*TASK TO CARRY OUT*:
The expected answer is a verbatim transcription of the lines below, beginning with the first and ending with the line that holds "- removed D1, D2: 1N4004, diode:DO41-10", without pictures.
▼▼▼
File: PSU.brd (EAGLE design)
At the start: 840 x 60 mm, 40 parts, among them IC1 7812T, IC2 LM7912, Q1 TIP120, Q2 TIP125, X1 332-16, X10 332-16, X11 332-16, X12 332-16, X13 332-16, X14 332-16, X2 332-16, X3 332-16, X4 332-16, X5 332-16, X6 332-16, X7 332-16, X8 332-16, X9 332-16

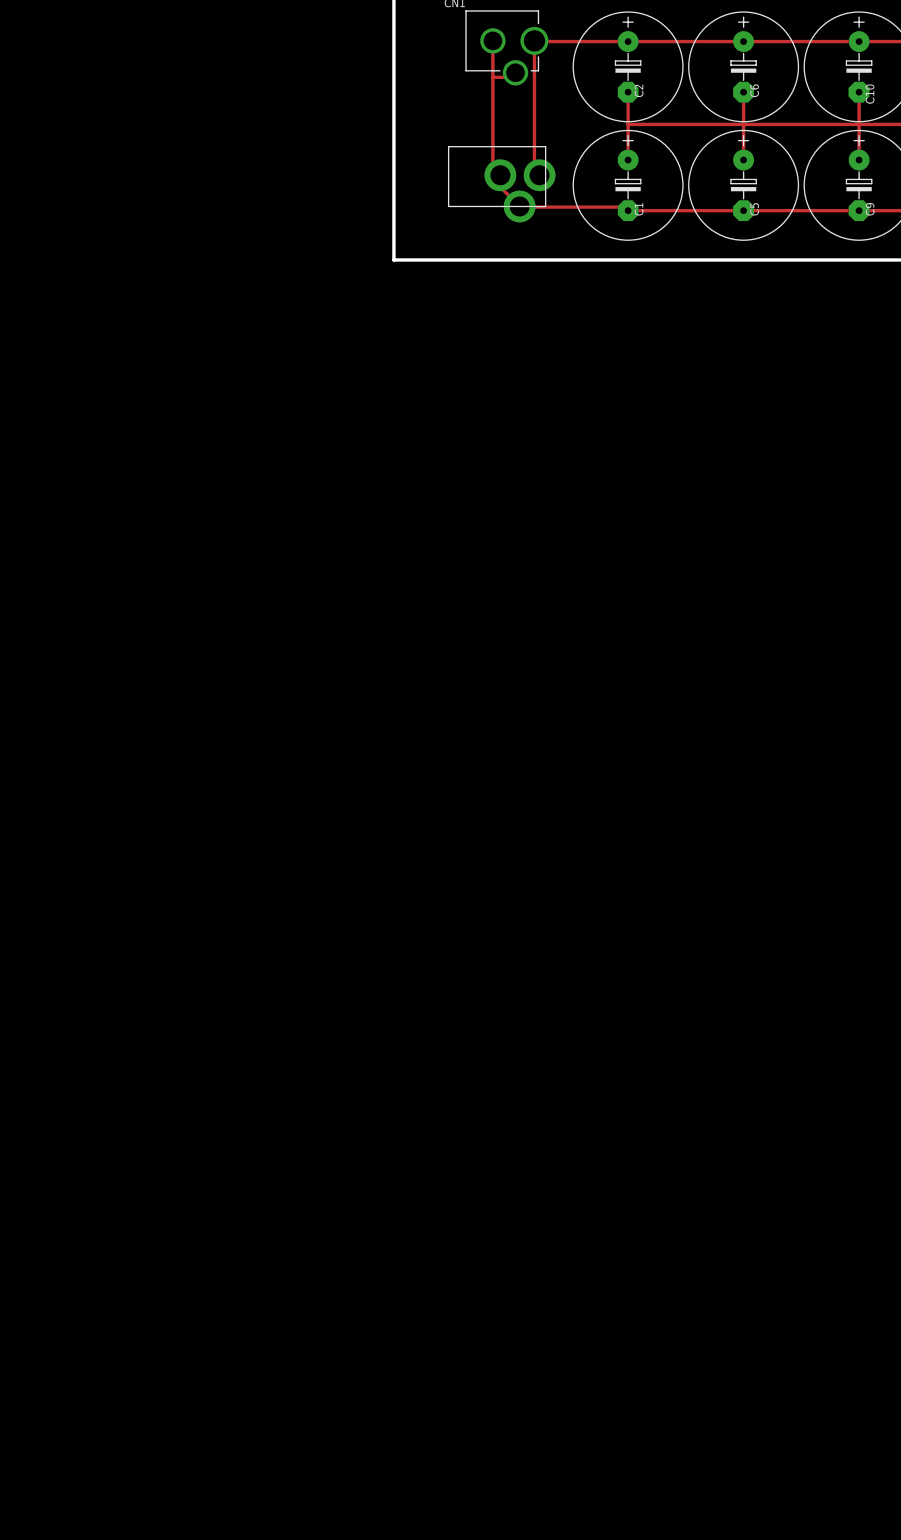
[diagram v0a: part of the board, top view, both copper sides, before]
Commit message: A different approach
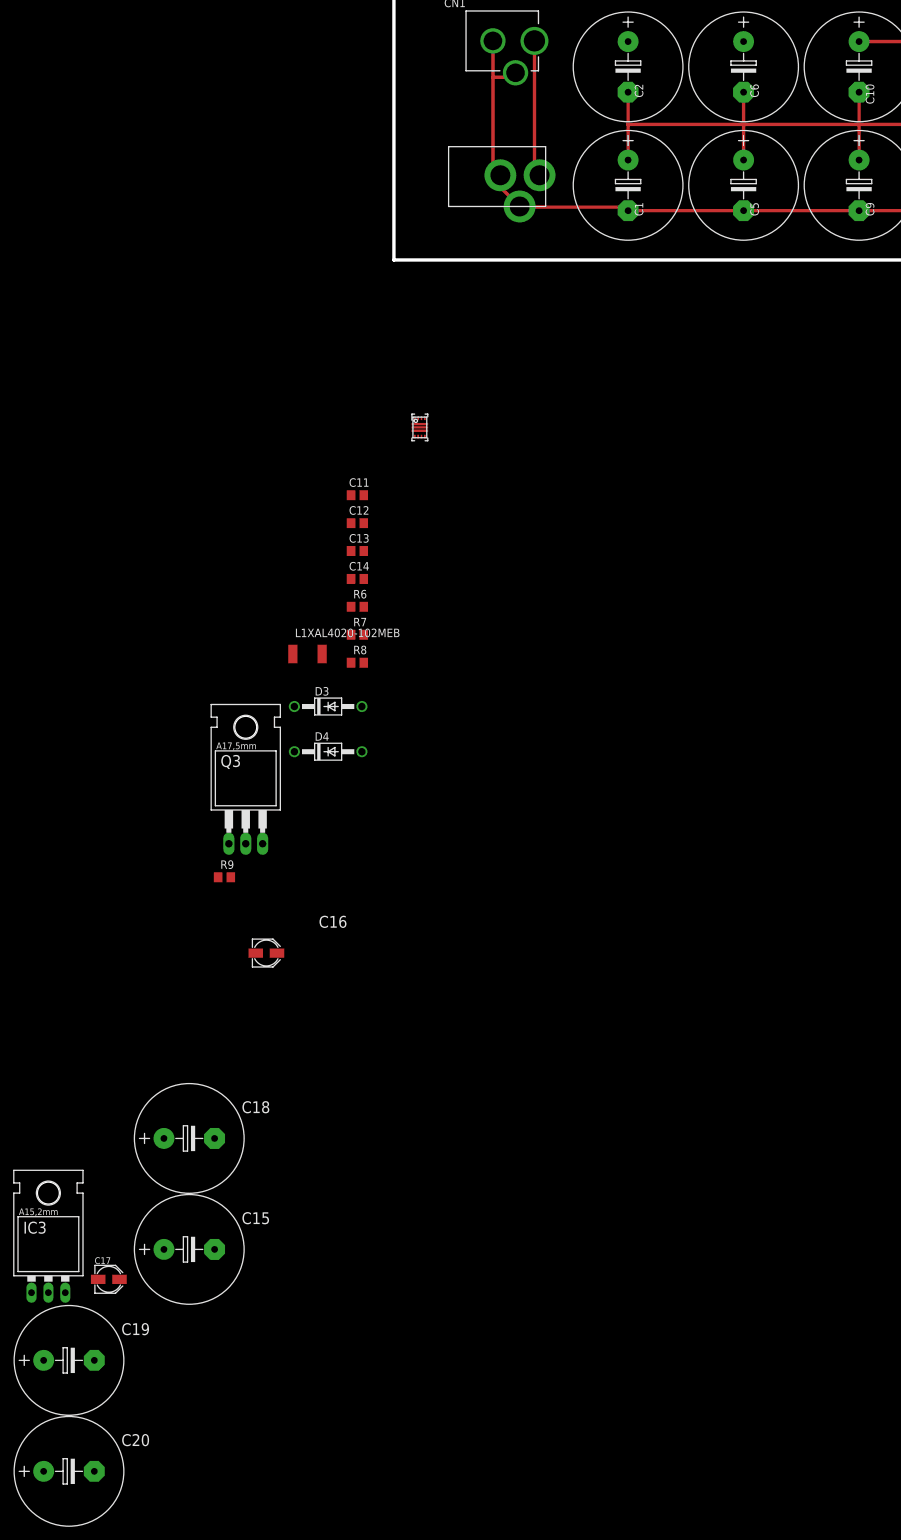
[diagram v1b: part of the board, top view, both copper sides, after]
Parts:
- added C11: 2.2nF, rcl:C0805
- added C12: 6.8uF, rcl:C0805
- added C13, C14: 4.7uF, rcl:C0805
- added C15: 100uF, rcl:E7,5-16
- added C16, C17: 10uF, rcl:PANASONIC_B
- added C18: 2200uF, rcl:E7,5-16
- added C19: 1uF, rcl:E7,5-16
- added C20: 2.2uF, rcl:E7,5-16
- added D3, D4: 1N4004, diode:DO41-10
- added IC3: LM7912, v-reg:79XXL
- added L1XAL4020-102MEB: 1uH, rcl:L5038P
- added Q3: TIP125, transistor-power:TO220AH
- added R6: 1.62M, rcl:R0805
- added R7, R8: 100k, rcl:R0805
- added R9: 1k, rcl:R0805
- added U2: Value, texas12vsupply:RGX0011A
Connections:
- removed net +24V: C10.+, C2.+, C3.1, C6.+, CN1.PWR, IC1.1, U$1.TIP
- removed net GNDA: C1.-, C4.2, C5.-, C9.-, CN1.GND, CN1.GNDBREAK, IC2.IN, U$1.RING, U$1.RING_SW
- new net +15V: C12.1, CN1.PWR, U$1.TIP, U2.1
- new net 10: U2.8
- new net 14P4: C17.+, L1XAL4020-102MEB.1, U2.2
- new net N$1: R8.2, U2.7
- new net N$10: C11.1, U2.9
- new net N$11: R6.1, R7.2, U2.5
- new net N$12: C16.-, Q3.B, R9.1
- new net N$13: C17.-, D3.A, D4.C
- new net N$3: C15.-, C18.-, C20.-, D4.A, IC3.IN
- new net N$7: C10.+, C2.+, C3.1, C6.+, IC1.1
- new net N$8: C1.-, C4.2, C5.-, C9.-, IC2.IN
- new net N$9: C19.-, IC3.OUT, Q3.C, R9.2
- net +12V: now also C13.1, C14.1, L1XAL4020-102MEB.2, R6.2, R8.1, U2.6
- net -12V: now also Q3.E
- net GND: now also C11.2, C12.2, C13.2, C14.2, C15.+, C16.+, C18.+, C19.+, C20.+, CN1.GND, CN1.GNDBREAK, D3.C, IC3.GND, R7.1, U$1.RING, U$1.RING_SW, U2.10, U2.11, U2.3, U2.4
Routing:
- net GNDA: track 102.8 -> 0.00 mm
- net +24V: track 89.6 -> 0.00 mm
- net N$8: track 0.00 -> 55.9 mm
- net GND: track 2200.4 -> 2246.5 mm
- net +15V: track 0.00 -> 21.3 mm
- net N$7: track 0.00 -> 19.5 mm

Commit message: Update
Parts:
- removed C1, C10, C18, C2, C5, C6, C9: 2200uF, rcl:E7,5-16
- removed C3, C4: 22uF, rcl:C025-025X050
- removed C7, C8: 10uF, rcl:C025-025X050
- removed D1, D2: 1N4004, diode:DO41-10
- removed IC1: 7812T, linear:TO220H
- removed IC2: LM7912, v-reg:79XXL
- removed Q1: TIP120, transistor-power:TO220AH
- removed Q2, Q3: TIP125, transistor-power:TO220AH
- removed R1, R2: 1k, rcl:0207/7
- removed X10, X11, X12, X13, X14, X9: 332-16, con-garry:332-16
- added U$2: MPS751, audioic:TO92-EBC
- C15, C19, C20: device rcl:E7,5-16 -> rcl:PANASONIC_B
- C16: value 10uF -> 100uF
- moved C20 222.8 mm to (45.0, 19.8), turned to 90 degrees
- moved C19 216.2 mm to (51.2, 26.0), turned to 180 degrees
- moved IC3 200.0 mm to (53.6, 18.2), turned to 270 degrees
- moved C17 186.5 mm to (27.1, 19.5), turned to 90 degrees
- moved C15 183.1 mm to (40.4, 19.8), turned to 90 degrees
- moved C16 153.6 mm to (56.1, 29.6), turned to 180 degrees
- moved LED1 146.4 mm to (16.4, 44.0), turned to 90 degrees
- moved R9 144.3 mm to (56.4, 25.9), turned to 180 degrees
- moved LED2 141.6 mm to (23.2, 43.3)
- moved X8 129.1 mm to (393.9, 23.4)
- moved X7 126.1 mm to (346.8, 23.4)
- moved R5 125.4 mm to (32.2, 34.7), turned to 90 degrees
- moved X6 119.6 mm to (303.2, 23.4)
- moved R4 116.6 mm to (38.3, 33.3), turned to 90 degrees
- moved LED3 116.4 mm to (30.1, 44.0), turned to 90 degrees
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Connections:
- removed net N$2: IC2.OUT, Q2.E, R2.1
- removed net N$4: IC1.3, Q1.C, R1.1
- removed net N$5: C7.1, Q1.B, R1.2
- removed net N$6: C8.2, Q2.B, R2.2
- removed net N$7: C10.+, C2.+, C3.1, C6.+, IC1.1
- removed net N$8: C1.-, C4.2, C5.-, C9.-, IC2.IN
- net +12V: no longer D1.C, Q1.E, X10.10, X10.9, X11.10, X11.9, X12.10, X12.9, X13.10, X13.9, X14.10, X14.9, X9.10, X9.9
- net +5V: no longer X10.11, X10.12, X11.11, X11.12, X12.11, X12.12, X13.11, X13.12, X14.11, X14.12, X9.11, X9.12
- net -12V: now also U$2.E; no longer D2.A, Q2.C, Q3.E, X10.1, X10.2, X11.1, X11.2, X12.1, X12.2, X13.1, X13.2, X14.1, X14.2, X9.1, X9.2
- net GND: no longer C1.+, C10.-, C18.+, C2.-, C3.2, C4.1, C5.+, C6.-, C7.2, C8.1, C9.+, D1.A, D2.C, IC1.2, IC2.GND, X10.3, X10.4, X10.5, X10.6, X10.7, X10.8, X11.3, X11.4, X11.5, X11.6, X11.7, X11.8, X12.3, X12.4, X12.5, X12.6, X12.7, X12.8, X13.3, X13.4, X13.5, X13.6, X13.7, X13.8, X14.3, X14.4, X14.5, X14.6, X14.7, X14.8, X9.3, X9.4, X9.5, X9.6, X9.7, X9.8
- net N$12: now also U$2.B; no longer Q3.B
- net N$19: no longer X10.15, X10.16, X11.15, X11.16, X12.15, X12.16, X13.15, X13.16, X14.15, X14.16, X9.15, X9.16
- net N$20: no longer X10.13, X10.14, X11.13, X11.14, X12.13, X12.14, X13.13, X13.14, X14.13, X14.14, X9.13, X9.14
- net N$3: no longer C18.-
- net N$9: now also U$2.C; no longer Q3.C
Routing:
- net GND: track 2246.5 -> 1142.4 mm
- net -12V: track 707.1 -> 363.0 mm
- net N$20: track 654.0 -> 310.9 mm
- net N$19: track 654.0 -> 311.6 mm
- net +12V: track 699.1 -> 389.5 mm
- net +5V: track 654.0 -> 350.4 mm
- net N$2: track 70.2 -> 0.00 mm
- net N$4: track 58.3 -> 0.00 mm
- net N$8: track 55.9 -> 0.00 mm
- net N$9: track 0.00 -> 22.9 mm
- net N$7: track 19.5 -> 0.00 mm
- net N$3: track 0.00 -> 18.6 mm
- net N$5: track 16.8 -> 0.00 mm
- net N$11: track 0.00 -> 15.0 mm
- net N$14: track 4.08 -> 17.5 mm
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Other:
- board size 840 x 60 mm -> 400 x 60 mm
- board text added: "GATE CV +5V +12V GND GND GND -12V"
- board text added: "GATE CV +5V +12V GND GND GND -12V [RED STRIPE]_"

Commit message: layout update
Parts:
- moved C11 0.40 mm to (22.0, 20.7)
- moved R7 0.20 mm to (34.5, 27.3)
- moved C13 0.20 mm to (32.4, 27.3)
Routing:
- net GND: track 1142.4 -> 48.9 mm
- net -12V: track 363.0 -> 364.4 mm
- net +12V: track 389.5 -> 390.8 mm
- net N$19: track 311.6 -> 310.9 mm
- added copper zone on layer 1, net GND
▲▲▲
*SOLUTION TO THE EXERCISE*:
File: PSU.brd (EAGLE design)
At the start: 840 x 60 mm, 40 parts, among them IC1 7812T, IC2 LM7912, Q1 TIP120, Q2 TIP125, X1 332-16, X10 332-16, X11 332-16, X12 332-16, X13 332-16, X14 332-16, X2 332-16, X3 332-16, X4 332-16, X5 332-16, X6 332-16, X7 332-16, X8 332-16, X9 332-16

[diagram v0a: part of the board, top view, both copper sides, before]
Commit message: A different approach
[diagram v1b: part of the board, top view, both copper sides, after]
Parts:
- added C11: 2.2nF, rcl:C0805
- added C12: 6.8uF, rcl:C0805
- added C13, C14: 4.7uF, rcl:C0805
- added C15: 100uF, rcl:E7,5-16
- added C16, C17: 10uF, rcl:PANASONIC_B
- added C18: 2200uF, rcl:E7,5-16
- added C19: 1uF, rcl:E7,5-16
- added C20: 2.2uF, rcl:E7,5-16
- added D3, D4: 1N4004, diode:DO41-10
- added IC3: LM7912, v-reg:79XXL
- added L1XAL4020-102MEB: 1uH, rcl:L5038P
- added Q3: TIP125, transistor-power:TO220AH
- added R6: 1.62M, rcl:R0805
- added R7, R8: 100k, rcl:R0805
- added R9: 1k, rcl:R0805
- added U2: Value, texas12vsupply:RGX0011A
Connections:
- removed net +24V: C10.+, C2.+, C3.1, C6.+, CN1.PWR, IC1.1, U$1.TIP
- removed net GNDA: C1.-, C4.2, C5.-, C9.-, CN1.GND, CN1.GNDBREAK, IC2.IN, U$1.RING, U$1.RING_SW
- new net +15V: C12.1, CN1.PWR, U$1.TIP, U2.1
- new net 10: U2.8
- new net 14P4: C17.+, L1XAL4020-102MEB.1, U2.2
- new net N$1: R8.2, U2.7
- new net N$10: C11.1, U2.9
- new net N$11: R6.1, R7.2, U2.5
- new net N$12: C16.-, Q3.B, R9.1
- new net N$13: C17.-, D3.A, D4.C
- new net N$3: C15.-, C18.-, C20.-, D4.A, IC3.IN
- new net N$7: C10.+, C2.+, C3.1, C6.+, IC1.1
- new net N$8: C1.-, C4.2, C5.-, C9.-, IC2.IN
- new net N$9: C19.-, IC3.OUT, Q3.C, R9.2
- net +12V: now also C13.1, C14.1, L1XAL4020-102MEB.2, R6.2, R8.1, U2.6
- net -12V: now also Q3.E
- net GND: now also C11.2, C12.2, C13.2, C14.2, C15.+, C16.+, C18.+, C19.+, C20.+, CN1.GND, CN1.GNDBREAK, D3.C, IC3.GND, R7.1, U$1.RING, U$1.RING_SW, U2.10, U2.11, U2.3, U2.4
Routing:
- net GNDA: track 102.8 -> 0.00 mm
- net +24V: track 89.6 -> 0.00 mm
- net N$8: track 0.00 -> 55.9 mm
- net GND: track 2200.4 -> 2246.5 mm
- net +15V: track 0.00 -> 21.3 mm
- net N$7: track 0.00 -> 19.5 mm

Commit message: Update
Parts:
- removed C1, C10, C18, C2, C5, C6, C9: 2200uF, rcl:E7,5-16
- removed C3, C4: 22uF, rcl:C025-025X050
- removed C7, C8: 10uF, rcl:C025-025X050
- removed D1, D2: 1N4004, diode:DO41-10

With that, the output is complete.